# Jut Joined



## MzCatz (Mar 30, 2005)

:catsm Hi everyone, I just found your group and have joined. I have two kitties, Muffin he is 16 years old and Sugar just turned one, she is a hand full  . Last year I lost 2 kitties due to age / health within 6 months. That was so hard. I got Sugar so Muffin would have a new friend. 

Looking forward to chatting with you all..

~MzCatz~ :cat


----------



## emrldsky (Aug 31, 2004)

Welcome!!!


----------



## Adrienne (Jan 15, 2005)

Welcome to the forum!


----------



## Kittenofyourheart (Feb 20, 2005)

sorry to hear about your loose. Please post a picture of you kitties.... How well do the two get along?


----------



## Jeanie (Jun 18, 2003)

We're happy to have you here, MzKatz!  

I'm so sorry to hear about your kittens.


----------



## kristen98 (Feb 2, 2005)

My kitty is named Muffins (with an s on the end). Welcome to the forum!


----------



## MzCatz (Mar 30, 2005)

:catsm Thanks for the welcome, I just posted a few pictrues of Muffin & Sugar in the gallery. 

O' it took Sugar a couple of days to let Muffin get near her, now they are best friends.

~Merry~ :cat


----------



## MzCatz (Mar 30, 2005)

How do you add a picture to your post here? ~Merry~


----------



## Jeanie (Jun 18, 2003)

This should help!  

http://www.catforum.com/viewforum.php?f=14


----------



## MzCatz (Mar 30, 2005)

O.K., thanks, let me give it a try now.










~Merry~ :cat


----------



## Superkitties (Jan 30, 2004)

, and that's such a pretty kitty in your siggie!


----------



## DesnBaby (Apr 18, 2004)

Aww, so cute!  I want more :lol: . You can post some pics in the Meet My Kitty section if you like :wink: . Welcome btw!


----------



## mcschmidt (Mar 29, 2005)

Welcome to the forum!

I love your cat's tail!


----------



## Mitts & Tess (Sep 4, 2004)

Welcome to the forum Merry ~ Muffin~ & Sugar!

Noticed you changed from MzCatz to Merry in your signiture at the bottom of your page.. the spelling of my name is Merry and Ive never come across anyone else whose spelled their name like that! 
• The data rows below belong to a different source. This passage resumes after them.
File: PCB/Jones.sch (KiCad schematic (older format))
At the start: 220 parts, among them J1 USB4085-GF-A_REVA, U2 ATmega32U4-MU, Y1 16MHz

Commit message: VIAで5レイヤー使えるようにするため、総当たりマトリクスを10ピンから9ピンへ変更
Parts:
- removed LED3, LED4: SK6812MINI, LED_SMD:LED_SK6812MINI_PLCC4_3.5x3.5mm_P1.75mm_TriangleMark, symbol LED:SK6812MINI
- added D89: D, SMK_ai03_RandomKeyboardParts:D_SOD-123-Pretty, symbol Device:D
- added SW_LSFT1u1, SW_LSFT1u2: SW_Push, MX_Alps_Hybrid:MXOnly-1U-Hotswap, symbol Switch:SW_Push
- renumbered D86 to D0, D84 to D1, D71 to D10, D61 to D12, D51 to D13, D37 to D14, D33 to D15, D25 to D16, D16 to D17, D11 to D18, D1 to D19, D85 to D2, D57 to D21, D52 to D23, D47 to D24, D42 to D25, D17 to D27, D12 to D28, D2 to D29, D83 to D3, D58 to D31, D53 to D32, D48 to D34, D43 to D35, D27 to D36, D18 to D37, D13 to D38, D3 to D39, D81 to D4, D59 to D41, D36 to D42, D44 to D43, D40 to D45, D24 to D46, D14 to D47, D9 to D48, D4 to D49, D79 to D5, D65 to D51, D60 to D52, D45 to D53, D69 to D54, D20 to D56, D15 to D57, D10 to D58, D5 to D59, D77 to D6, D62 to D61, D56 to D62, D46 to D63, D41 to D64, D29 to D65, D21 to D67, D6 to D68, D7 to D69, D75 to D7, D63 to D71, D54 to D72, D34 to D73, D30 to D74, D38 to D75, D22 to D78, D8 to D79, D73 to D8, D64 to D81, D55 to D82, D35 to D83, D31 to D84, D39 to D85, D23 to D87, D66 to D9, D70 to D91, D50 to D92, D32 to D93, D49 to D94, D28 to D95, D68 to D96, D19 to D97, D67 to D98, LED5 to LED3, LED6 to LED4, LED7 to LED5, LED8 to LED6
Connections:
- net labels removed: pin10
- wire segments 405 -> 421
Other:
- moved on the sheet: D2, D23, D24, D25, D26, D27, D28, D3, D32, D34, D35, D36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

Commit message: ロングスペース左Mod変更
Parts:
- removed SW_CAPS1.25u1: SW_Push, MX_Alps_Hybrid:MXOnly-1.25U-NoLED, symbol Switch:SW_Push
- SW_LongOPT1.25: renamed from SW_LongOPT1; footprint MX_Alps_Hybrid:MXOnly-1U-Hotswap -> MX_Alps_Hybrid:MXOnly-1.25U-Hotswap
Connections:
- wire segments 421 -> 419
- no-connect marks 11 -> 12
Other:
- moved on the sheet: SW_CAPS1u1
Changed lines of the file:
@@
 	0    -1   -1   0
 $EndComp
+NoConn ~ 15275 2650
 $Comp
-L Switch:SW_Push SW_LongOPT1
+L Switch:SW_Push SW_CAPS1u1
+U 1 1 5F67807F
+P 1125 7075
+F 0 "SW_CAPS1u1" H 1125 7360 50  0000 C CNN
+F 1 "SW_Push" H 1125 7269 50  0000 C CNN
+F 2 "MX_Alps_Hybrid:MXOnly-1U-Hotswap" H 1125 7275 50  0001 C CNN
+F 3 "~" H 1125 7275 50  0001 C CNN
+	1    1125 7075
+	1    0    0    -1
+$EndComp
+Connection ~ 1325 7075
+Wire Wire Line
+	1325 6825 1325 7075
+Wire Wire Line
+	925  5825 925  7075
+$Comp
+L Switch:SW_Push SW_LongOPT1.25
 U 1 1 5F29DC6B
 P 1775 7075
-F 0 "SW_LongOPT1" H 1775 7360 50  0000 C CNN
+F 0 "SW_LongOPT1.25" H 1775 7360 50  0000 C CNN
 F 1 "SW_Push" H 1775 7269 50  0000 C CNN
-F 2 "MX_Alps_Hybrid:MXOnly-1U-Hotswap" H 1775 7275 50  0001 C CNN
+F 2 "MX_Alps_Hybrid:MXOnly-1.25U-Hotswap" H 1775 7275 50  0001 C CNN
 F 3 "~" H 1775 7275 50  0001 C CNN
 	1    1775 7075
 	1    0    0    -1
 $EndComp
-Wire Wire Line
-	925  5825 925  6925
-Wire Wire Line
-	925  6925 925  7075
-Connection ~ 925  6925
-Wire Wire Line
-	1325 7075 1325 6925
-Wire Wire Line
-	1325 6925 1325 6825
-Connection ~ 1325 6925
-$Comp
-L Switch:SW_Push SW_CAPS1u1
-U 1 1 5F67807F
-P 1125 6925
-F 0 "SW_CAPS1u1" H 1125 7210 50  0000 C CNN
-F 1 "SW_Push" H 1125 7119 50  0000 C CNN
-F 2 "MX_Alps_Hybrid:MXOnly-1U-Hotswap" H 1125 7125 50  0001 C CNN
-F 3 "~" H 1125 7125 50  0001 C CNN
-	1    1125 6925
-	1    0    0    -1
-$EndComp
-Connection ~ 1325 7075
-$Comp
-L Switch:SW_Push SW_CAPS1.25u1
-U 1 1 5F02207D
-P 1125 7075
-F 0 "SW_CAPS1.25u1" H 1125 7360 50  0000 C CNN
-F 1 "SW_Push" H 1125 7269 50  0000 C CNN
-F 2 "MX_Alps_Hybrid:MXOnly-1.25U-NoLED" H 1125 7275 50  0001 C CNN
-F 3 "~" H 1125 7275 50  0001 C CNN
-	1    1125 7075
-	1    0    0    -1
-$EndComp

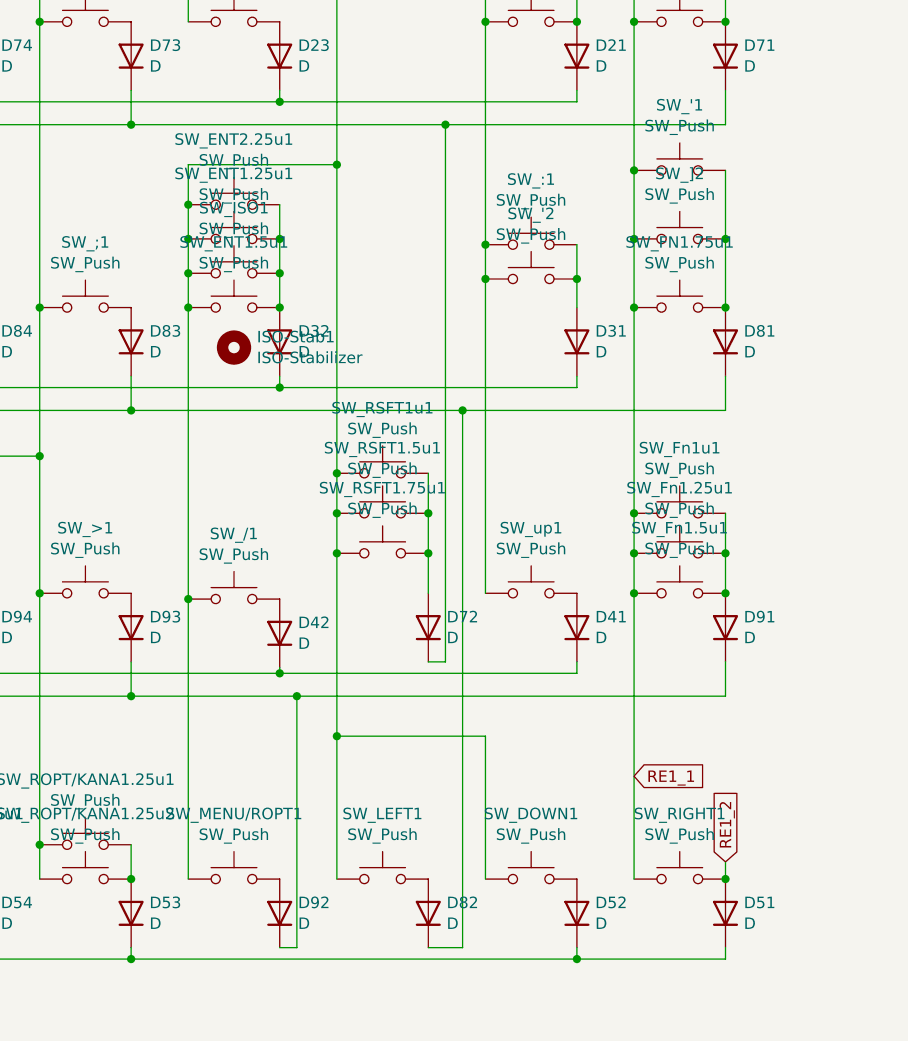
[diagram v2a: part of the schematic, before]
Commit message: Enter 1.25uとその右の関連を削除。右Shift 1.5+1.5を削除。
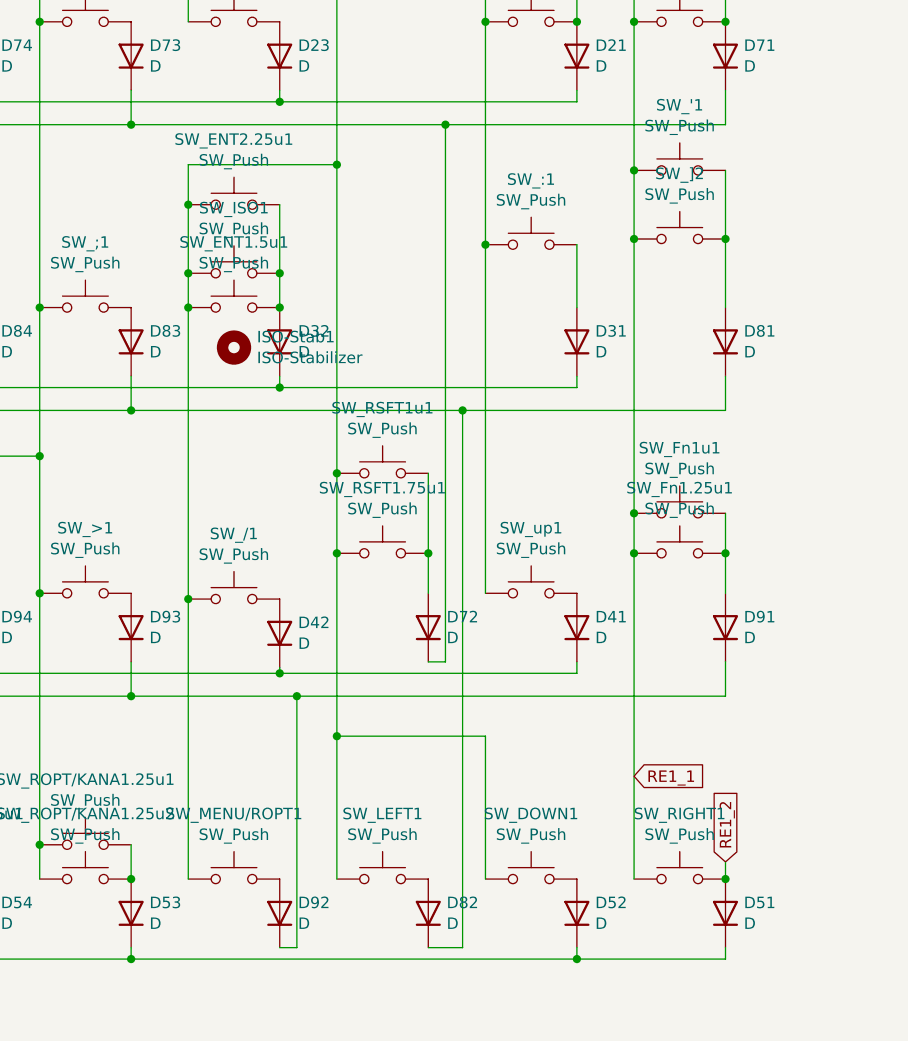
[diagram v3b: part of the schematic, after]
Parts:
- removed SW_'2: SW_Push, MX_Alps_Hybrid:MXOnly-1U-NoLED, symbol Switch:SW_Push
- removed SW_ENT1.25u1: SW_Push, MX_Alps_Hybrid:MXOnly-1.25U-NoLED, symbol Switch:SW_Push
- removed SW_FN1.75u1: SW_Push, MX_Alps_Hybrid:MXOnly-1.75U-NoLED, symbol Switch:SW_Push
- removed SW_Fn1.5u1, SW_RSFT1.5u1: SW_Push, MX_Alps_Hybrid:MXOnly-1.5U-NoLED, symbol Switch:SW_Push
- SW_ENT1.5u1: footprint MX_Alps_Hybrid:MXOnly-1.5U-NoLED -> MX_Alps_Hybrid:MXOnly-1.5U-Hotswap
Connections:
- wire segments 419 -> 411
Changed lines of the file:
@@
-$EndComp
-$Comp
-L Switch:SW_Push SW_RSFT1.5u1
-U 1 1 5F66BA37
-P 8925 5475
-F 0 "SW_RSFT1.5u1" H 8925 5760 50  0000 C CNN
-F 1 "SW_Push" H 8925 5669 50  0000 C CNN
-F 2 "MX_Alps_Hybrid:MXOnly-1.5U-NoLED" H 8925 5675 50  0001 C CNN
-F 3 "~" H 8925 5675 50  0001 C CNN
-	1    8925 5475
-	1    0    0    -1
 $EndComp
 $Comp
@@
 F 3 "~" H 2425 7275 50  0001 C CNN
 	1    2425 7075
-	1    0    0    -1
-$EndComp
-$Comp
-L Switch:SW_Push SW_'2
-U 1 1 5F68651C
-P 9575 4450
-F 0 "SW_'2" H 9575 4735 50  0000 C CNN
-F 1 "SW_Push" H 9575 4644 50  0000 C CNN
-F 2 "MX_Alps_Hybrid:MXOnly-1U-NoLED" H 9575 4650 50  0001 C CNN
-F 3 "~" H 9575 4650 50  0001 C CNN
-	1    9575 4450
 	1    0    0    -1
 $EndComp
@@
 	1    0    0    -1
 $EndComp
-Wire Wire Line
-	9125 5300 9125 5475
 $Comp
 L power:PWR_FLAG #FLG01
@@
 	0    -1   -1   0
 $EndComp
-Wire Wire Line
-	9775 4450 9775 4575
 $Comp
 L Device:D D31
@@
 F 0 "SW_ENT1.5u1" H 8275 4860 50  0000 C CNN
 F 1 "SW_Push" H 8275 4769 50  0000 C CNN
-F 2 "MX_Alps_Hybrid:MXOnly-1.5U-NoLED" H 8275 4775 50  0001 C CNN
+F 2 "MX_Alps_Hybrid:MXOnly-1.5U-Hotswap" H 8275 4775 50  0001 C CNN
 F 3 "~" H 8275 4775 50  0001 C CNN
 	1    8275 4575
@@
 	8075 4425 8075 4575
 Connection ~ 8475 4575
-Connection ~ 9375 4450
-$Comp
-L Switch:SW_Push SW_FN1.75u1
-U 1 1 61BAA342
-P 10225 4575
-F 0 "SW_FN1.75u1" H 10225 4860 50  0000 C CNN
-F 1 "SW_Push" H 10225 4769 50  0000 C CNN
-F 2 "MX_Alps_Hybrid:MXOnly-1.75U-NoLED" H 10225 4775 50  0001 C CNN
-F 3 "~" H 10225 4775 50  0001 C CNN
-	1    10225 4575
-	1    0    0    -1
-$EndComp
 Connection ~ 10025 3975
 Connection ~ 10025 4275
-Connection ~ 10025 4575
-Wire Wire Line
-	10025 4575 10025 5475
-Connection ~ 10425 4575
-Connection ~ 10425 5825
-$Comp
-L Switch:SW_Push SW_Fn1.5u1
-U 1 1 5F3CB957
-P 10225 5825
-F 0 "SW_Fn1.5u1" H 10225 6110 50  0000 C CNN
-F 1 "SW_Push" H 10225 6019 50  0000 C CNN
-F 2 "MX_Alps_Hybrid:MXOnly-1.5U-NoLED" H 10225 6025 50  0001 C CNN
-F 3 "~" H 10225 6025 50  0001 C CNN
-	1    10225 5825
-	1    0    0    -1
-$EndComp
 $Comp
 L Switch:SW_Push SW_RSFT1.75u1
@@
 Wire Wire Line
 	9125 5650 9125 5825
-Connection ~ 8725 5475
-Wire Wire Line
-	8725 5475 8725 5650
 $Comp
 L Switch:SW_Push SW_RSFT1u1
@@
 	1    0    0    -1
 $EndComp
-Connection ~ 9125 5475
-Wire Wire Line
-	9125 5475 9125 5650
-Wire Wire Line
-	8725 5300 8725 5475
 Connection ~ 10025 5475
 Wire Wire Line
 	10025 5475 10025 5650
 Connection ~ 10025 5650
-Wire Wire Line
-	10025 5650 10025 5825
-Connection ~ 10025 5825
-Wire Wire Line
-	10025 5825 10025 7075
 Text GLabel 10025 1175 1    50   Input ~ 0
 pin1
@@
 $EndComp
 Wire Wire Line
-	8075 4125 8075 4275
-Wire Wire Line
-	8475 4125 8475 4275
-Wire Wire Line
-	9375 4450 9375 5825
-Wire Wire Line
 	10025 3975 10025 4275
 Wire Wire Line
@@
 	5325 9250 5525 9250
 $Comp
-L Switch:SW_Push SW_ENT1.25u1
-U 1 1 5FDEE168
-P 8275 4275
-F 0 "SW_ENT1.25u1" H 8275 4560 50  0000 C CNN
-F 1 "SW_Push" H 8275 4469 50  0000 C CNN
-F 2 "MX_Alps_Hybrid:MXOnly-1.25U-NoLED" H 8275 4475 50  0001 C CNN
-F 3 "~" H 8275 4475 50  0001 C CNN
-	1    8275 4275
-	1    0    0    -1
-$EndComp
-Connection ~ 8075 4275
-Wire Wire Line
-	8075 4275 8075 4425
-Connection ~ 8475 4275
-Wire Wire Line
-	8475 4275 8475 4425
-$Comp
 L Switch:SW_Push SW_:1
 U 1 1 5FE08221
@@
 $EndComp
 Wire Wire Line
-	9775 4300 9775 4450
-Connection ~ 9775 4450
-Wire Wire Line
-	10025 4275 10025 4575
-Wire Wire Line
 	10425 4275 10425 4575
 Text GLabel 10425 7000 1    50   Input ~ 0
@@
 RE1_1
 Connection ~ 9375 4300
-Wire Wire Line
-	9375 4300 9375 4450
 $Comp
 L Switch:SW_Push SW_ESC2
@@
 	1    0    0    -1
 $EndComp
+Wire Wire Line
+	8075 4125 8075 4425
+Wire Wire Line
+	8475 4125 8475 4425
+Wire Wire Line
+	9375 4300 9375 5825
+Wire Wire Line
+	9775 4300 9775 4575
+Wire Wire Line
+	10025 4275 10025 5475
+Wire Wire Line
+	8725 5300 8725 5650
+Wire Wire Line
+	9125 5300 9125 5650
+Wire Wire Line
+	10025 5650 10025 7075
 $EndSCHEMATC

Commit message: 穴の干渉を減らすため、ISOエンターのスタビの方向を逆に。
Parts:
- ISO-Stab1: footprint MX_Alps_Hybrid:MXOnly-ISO-StabilizerOnly-Reversed -> MX_Alps_Hybrid:MXOnly-ISO-StabilizerOnly
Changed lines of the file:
@@
 F 0 "ISO-Stab1" H 8375 4796 50  0000 L CNN
 F 1 "ISO-Stabilizer" H 8375 4705 50  0000 L CNN
-F 2 "MX_Alps_Hybrid:MXOnly-ISO-StabilizerOnly-Reversed" H 8275 4750 50  0001 C CNN
+F 2 "MX_Alps_Hybrid:MXOnly-ISO-StabilizerOnly" H 8275 4750 50  0001 C CNN
 F 3 "~" H 8275 4750 50  0001 C CNN
 	1    8275 4750

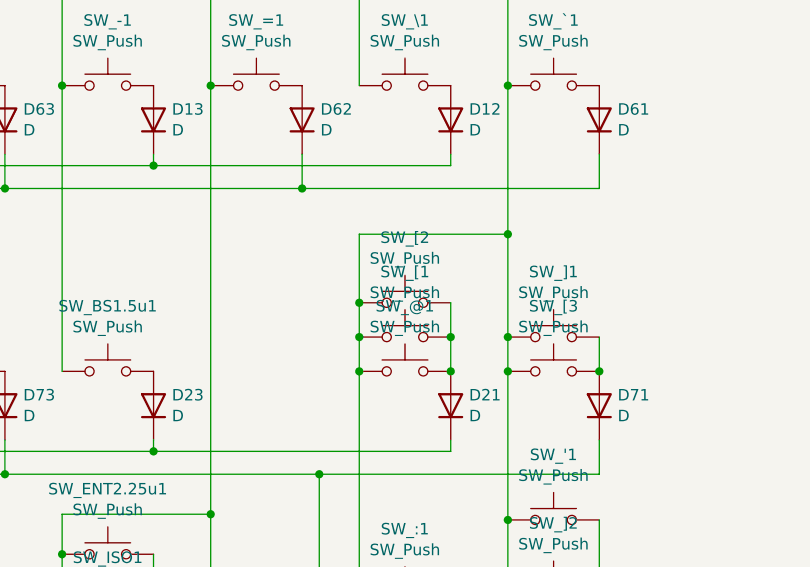
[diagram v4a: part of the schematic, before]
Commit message: 右上ネジ穴にかぶるソケットのプラ部分の干渉対策。
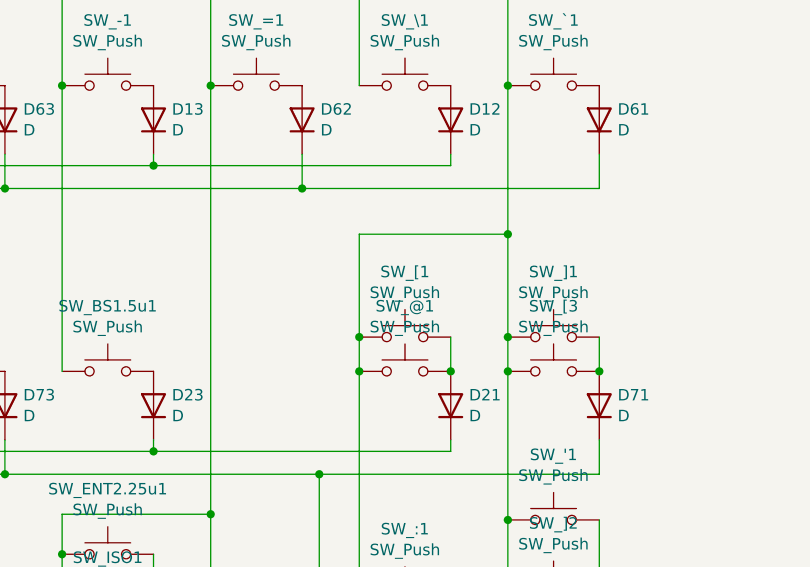
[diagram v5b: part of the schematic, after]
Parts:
- removed SW_[2: SW_Push, MX_Alps_Hybrid:MXOnly-1U-NoLED, symbol Switch:SW_Push
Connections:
- wire segments 411 -> 409
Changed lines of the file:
@@
 Connection ~ 9775 3325
-$Comp
-L Switch:SW_Push SW_[2
-U 1 1 5FB0372F
-P 9575 3025
-F 0 "SW_[2" H 9575 3310 50  0000 C CNN
-F 1 "SW_Push" H 9575 3219 50  0000 C CNN
-F 2 "MX_Alps_Hybrid:MXOnly-1U-NoLED" H 9575 3225 50  0001 C CNN
-F 3 "~" H 9575 3225 50  0001 C CNN
-	1    9575 3025
-	1    0    0    -1
-$EndComp
-Wire Wire Line
-	9775 3025 9775 3175
-Connection ~ 9775 3175
-Wire Wire Line
-	9375 3025 9375 3175
 $Comp
 L Jumper:SolderJumper_3_Open JP_LED2
@@
 Wire Wire Line
 	10025 2725 9375 2725
-Wire Wire Line
-	9375 2725 9375 3025
 Connection ~ 10025 2725
 Wire Wire Line
 	10025 2725 10025 3175
-Connection ~ 9375 3025
 Wire Wire Line
 	8725 6450 9375 6450
@@
 Wire Wire Line
 	10025 5650 10025 7075
+Wire Wire Line
+	9375 2725 9375 3175
 $EndSCHEMATC

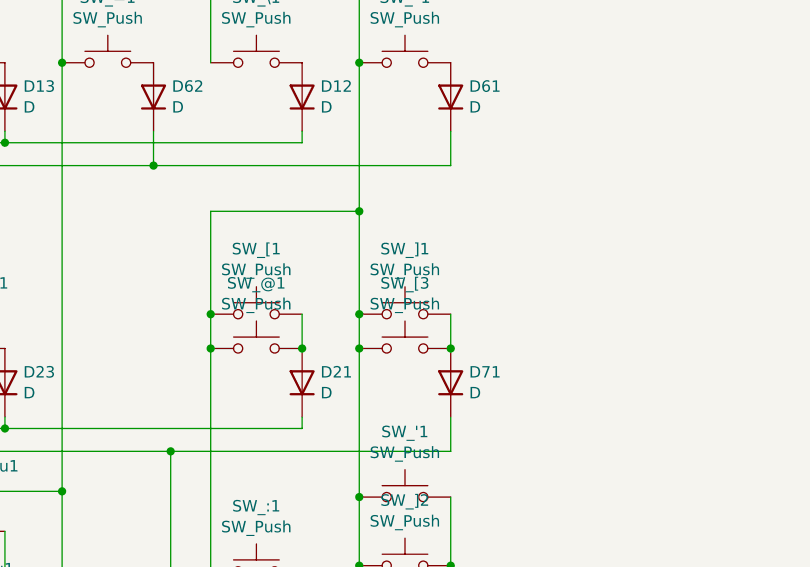
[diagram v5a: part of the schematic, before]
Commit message: 右上ネジ穴にかぶるソケットのプラ部分の干渉対策。
右隣のフットプリントとパッドの干渉があったため、さらに修正。
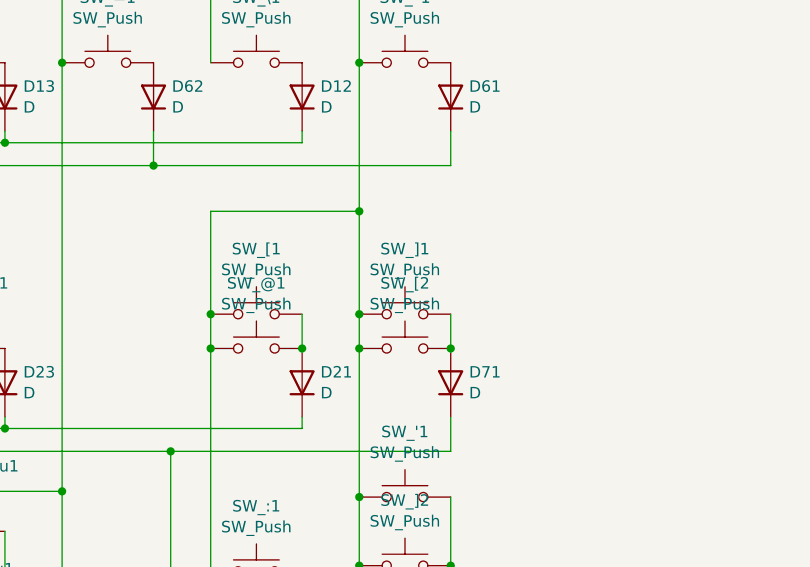
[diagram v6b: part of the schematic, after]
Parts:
- renumbered SW_[3 to SW_[2
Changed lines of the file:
@@
 	10025 2075 10025 2725
 $Comp
-L Switch:SW_Push SW_[3
+L Switch:SW_Push SW_[2
 U 1 1 61629E68
 P 10225 3325
-F 0 "SW_[3" H 10225 3610 50  0000 C CNN
+F 0 "SW_[2" H 10225 3610 50  0000 C CNN
 F 1 "SW_Push" H 10225 3519 50  0000 C CNN
 F 2 "MX_Alps_Hybrid:MXOnly-1U-Hotswap" H 10225 3525 50  0001 C CNN

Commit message: 1uソケットのフットプリントにガイド線追加
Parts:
- SW_'1, SW_-1, SW_/1, SW_0, SW_1_1, SW_2, SW_3, SW_4, SW_5, SW_6, SW_7, SW_8, SW_9, SW_:1, SW_;1, SW_<1, SW_=1, SW_>1, SW_@1, SW_A1, SW_B1, SW_C1, SW_D1, SW_DOWN1, SW_E1, SW_ESC1, SW_F1, SW_Fn1u1, SW_G1, SW_H1, SW_I1, SW_ISO1, SW_J1, SW_K1, SW_L1, SW_LEFT1, SW_LSFT1u1, SW_LSFT1u2, SW_M1, SW_N1, SW_O1, SW_P1, SW_Q1, SW_R1, SW_RIGHT1, SW_RSFT1u1, SW_S1, SW_T1, SW_U1, SW_V1, SW_W1, SW_WIN1, SW_X1, SW_Y1, SW_Z1, SW_[1, SW_[2, SW_\1, SW_]1, SW_]2, SW_`1, SW_up1: footprint MX_Alps_Hybrid:MXOnly-1U-Hotswap -> MX_Alps_Hybrid:MXOnly-1U-Hotswap-guide

This is great! Two Merrys/ two cat lovers/ on the forum. BTW MzCatz my japanese bobtail name is Mz Tess! :roll:


----------



## kitkat (Sep 22, 2003)

Welcome to the forum, I too have a cat named Sugar


----------



## MzCatz (Mar 30, 2005)

Well Hi Merry, yes, that's my name. Yes, it's very real so see another Merry. Get this, my middle name is Joy, my family calls me Merry Joy.  Everyone asked if I was born in Dec. LOL, no it's July....

~Merry~


----------



## LoveMyKitties (Nov 12, 2004)

to the forum! :blackcat 

Beautiful kitty in you picture!


----------